- [Required work]:
Find every line below with the string "Warning" and pick it out.

- [Records drawn from a dataset]:
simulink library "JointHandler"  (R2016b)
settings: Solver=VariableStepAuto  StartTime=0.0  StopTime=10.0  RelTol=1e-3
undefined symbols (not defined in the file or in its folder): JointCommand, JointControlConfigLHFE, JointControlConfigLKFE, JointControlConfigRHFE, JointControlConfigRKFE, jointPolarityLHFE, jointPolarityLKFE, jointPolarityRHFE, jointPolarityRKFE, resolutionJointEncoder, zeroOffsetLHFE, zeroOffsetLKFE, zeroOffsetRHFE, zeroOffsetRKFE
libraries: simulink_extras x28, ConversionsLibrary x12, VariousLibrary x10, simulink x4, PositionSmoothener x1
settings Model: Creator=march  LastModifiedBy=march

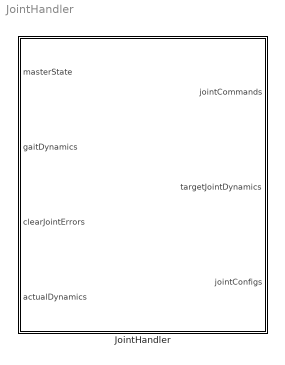
== system JointHandler ==
  JointHandler : Subsystem

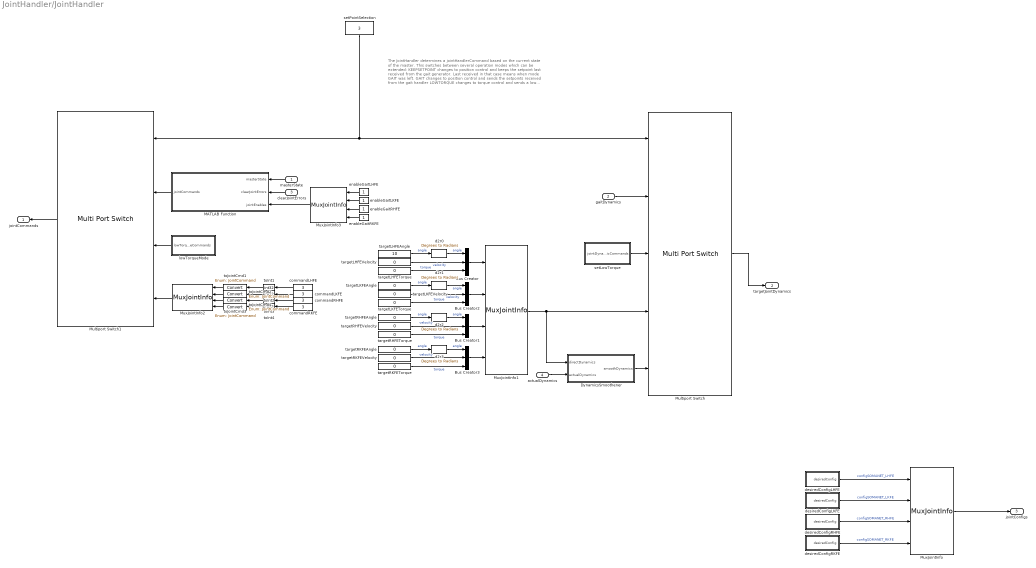
== system JointHandler/JointHandler ==
  note: The JointHandler determines a jointHandlerCommand based on the current
      | state of the master. This switches between several operation modes which
      | can be extended:
      | KEEPSETPOINT changes to position control and keeps the setpoint last
      | received from the gait generator. Last received in that case means when
      | mode GAIT was left.
      | GAIT changes to position control and sends the setpoints received from the
      | gait handler
      | LOWTORQUE changes to torque control and sends a low torque (50mNm)
      | to all joints
  masterState : Inport
  gaitDynamics : Inport  Port=2  OutDataTypeStr=Bus: JointDynamics
  clearJointErrors : Inport  Port=3
  actualDynamics : Inport  Port=4
  Bus Creator{,1..3} (4 alike) : BusCreator  Inputs=3  OutDataTypeStr=Bus: JointDynamics  NonVirtualBus=on
  DynamicsSmoothener : Subsystem
  MATLAB Function : MATLAB Function  TreatAsAtomicUnit=on
  Multiport Switch : MultiPortSwitch  DataPortOrder=Specify indices  DataPortIndices={1,2,3,4}  DiagnosticForDefault=Warning
  Multiport Switch1 : MultiPortSwitch  DataPortOrder=Specify indices  DataPortIndices={1,2,[3,4]}  DiagnosticForDefault=Warning
  MuxJointInfo{,1..3} (4 alike) : VariousLibrary/MuxJointInfo
  commandLHFE : Constant  Value=3
  commandLKFE : Constant  Value=3
  commandRHFE : Constant  Value=3
  commandRKFE : Constant  Value=3
  d2r{0..3} (4 alike) : simulink_extras/Transformations/Degrees to Radians
  desiredConfigLHFE : Subsystem
  desiredConfigLKFE : Subsystem
  desiredConfigRHFE : Subsystem
  desiredConfigRKFE : Subsystem
  enableGaitLHFE : Constant
  enableGaitLKFE : Constant
  enableGaitRHFE : Constant
  enableGaitRKFE : Constant
  lowTorqueMode : Subsystem
  setLowTorque : Subsystem
  setPointSelection : Constant  Value=3
  targetLHFEAngle : Constant  Value=10
  targetLHFETorque : Constant  Value=0
  targetLHFEVelocity : Constant  Value=0
  targetLKFEAngle : Constant  Value=0
  targetLKFETorque : Constant  Value=0
  targetLKFEVelocity : Constant  Value=0
  targetRHFEAngle : Constant  Value=0
  targetRHFETorque : Constant  Value=0
  targetRHFEVelocity : Constant  Value=0
  targetRKFEAngle : Constant  Value=0
  targetRKFETorque : Constant  Value=0
  targetRKFEVelocity : Constant  Value=0
  toInt{1..4} (4 alike) : DataTypeConversion  OutDataTypeStr=int32
  toJointCmd{1..4} (4 alike) : DataTypeConversion  OutDataTypeStr=Enum: JointCommand
  jointCommands : Outport
  "targetJointDynamics " : Outport  Port=2  OutDataTypeStr=Bus: JointDynamics  PortDimensions=[1 4]
  jointConfigs : Outport  Port=3  OutDataTypeStr=Bus: JointControlConfig  PortDimensions=[1 4]
  wires:
  MuxJointInfo3/1 -> MATLAB Function/3(jointEnables)
  enableGaitLHFE/1 -> MuxJointInfo3/1
  enableGaitLKFE/1 -> MuxJointInfo3/2
  enableGaitRKFE/1 -> MuxJointInfo3/4
  enableGaitRHFE/1 -> MuxJointInfo3/3
  commandRKFE/1 -> toInt4/1
  commandRHFE/1 -> toInt3/1
  commandLKFE/1 -> toInt2/1
  commandLHFE/1 -> toInt1/1
  toJointCmd4/1 -> MuxJointInfo2/4
  toJointCmd3/1 -> MuxJointInfo2/3
  toJointCmd2/1 -> MuxJointInfo2/2
  toInt4/1 -> toJointCmd4/1
  toInt3/1 -> toJointCmd3/1
  toInt2/1 -> toJointCmd2/1
  toJointCmd1/1 -> MuxJointInfo2/1
  toInt1/1 -> toJointCmd1/1
  Multiport Switch1/1 -> jointCommands/1
  Multiport Switch/1 -> "targetJointDynamics "/1
  MuxJointInfo2/1 -> Multiport Switch1/4
  lowTorqueMode/1(lowTorqueCommands) -> Multiport Switch1/3
  MATLAB Function/1(jointCommands) -> Multiport Switch1/2
  Bus Creator3/1 -> MuxJointInfo1/4
  Bus Creator1/1 -> MuxJointInfo1/3
  Bus Creator2/1 -> MuxJointInfo1/2
  Bus Creator/1 -> MuxJointInfo1/1
  d2r3/1 -> Bus Creator3/1  "angle"
  targetRKFEAngle/1 -> d2r3/1  "angle"
  targetRKFEVelocity/1 -> Bus Creator3/2  "velocity"
  targetRKFETorque/1 -> Bus Creator3/3  "torque"
  d2r2/1 -> Bus Creator1/1  "angle"
  targetRHFEAngle/1 -> d2r2/1  "angle"
  targetRHFEVelocity/1 -> Bus Creator1/2  "velocity"
  targetRHFETorque/1 -> Bus Creator1/3  "torque"
  MuxJointInfo1/1 -> Multiport Switch/4, DynamicsSmoothener/1(directDynamics)
  clearJointErrors/1 -> MATLAB Function/2(clearJointErrors)
  setLowTorque/1(jointDynamicCommands) -> Multiport Switch/3
  d2r1/1 -> Bus Creator2/1  "angle"
  d2r0/1 -> Bus Creator/1  "angle"
  desiredConfigLKFE/1(desiredConfig) -> MuxJointInfo/2  "configSOMANET_LKFE"
  desiredConfigLHFE/1(desiredConfig) -> MuxJointInfo/1  "configSOMANET_LHFE"
  desiredConfigRHFE/1(desiredConfig) -> MuxJointInfo/3  "configSOMANET_RHFE"
  desiredConfigRKFE/1(desiredConfig) -> MuxJointInfo/4  "configSOMANET_RKFE"
  MuxJointInfo/1 -> jointConfigs/1
  targetLKFEAngle/1 -> d2r1/1  "angle"
  targetLKFEVelocity/1 -> Bus Creator2/2  "velocity"
  targetLKFETorque/1 -> Bus Creator2/3  "torque"
  targetLHFEAngle/1 -> d2r0/1  "angle"
  targetLHFEVelocity/1 -> Bus Creator/2  "velocity"
  targetLHFETorque/1 -> Bus Creator/3  "torque"
  masterState/1 -> MATLAB Function/1(masterState)
  setPointSelection/1 -> Multiport Switch/1, Multiport Switch1/1
  actualDynamics/1 -> DynamicsSmoothener/2(actualDynamics)
  DynamicsSmoothener/1(smoothDynamics) -> Multiport Switch/5
  gaitDynamics/1 -> Multiport Switch/2

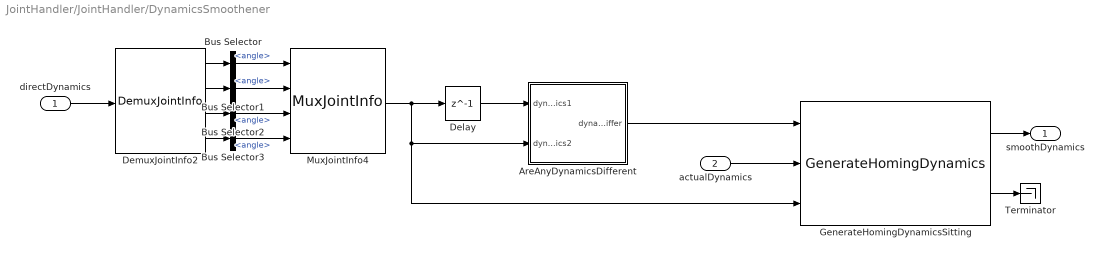
== system JointHandler/JointHandler/DynamicsSmoothener ==
  directDynamics : Inport
  actualDynamics : Inport  Port=2
  AreAnyDynamicsDifferent : Subsystem
  Bus Selector{,1..3} (4 alike) : BusSelector  OutputSignals=angle
  Delay : Delay  DelayLength=1
  DemuxJointInfo2 : VariousLibrary/DemuxJointInfo
  GenerateHomingDynamicsSitting : PositionSmoothener/GenerateHomingDynamics
  MuxJointInfo4 : VariousLibrary/MuxJointInfo
  Terminator : Terminator
  smoothDynamics : Outport
  wires:
  directDynamics/1 -> DemuxJointInfo2/1
  DemuxJointInfo2/1 -> Bus Selector/1
  DemuxJointInfo2/3 -> Bus Selector2/1
  DemuxJointInfo2/2 -> Bus Selector1/1
  DemuxJointInfo2/4 -> Bus Selector3/1
  GenerateHomingDynamicsSitting/2 -> Terminator/1
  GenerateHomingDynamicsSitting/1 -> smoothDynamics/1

- [Task output]:
  Multiport Switch : MultiPortSwitch  DataPortOrder=Specify indices  DataPortIndices={1,2,3,4}  DiagnosticForDefault=Warning
  Multiport Switch1 : MultiPortSwitch  DataPortOrder=Specify indices  DataPortIndices={1,2,[3,4]}  DiagnosticForDefault=Warning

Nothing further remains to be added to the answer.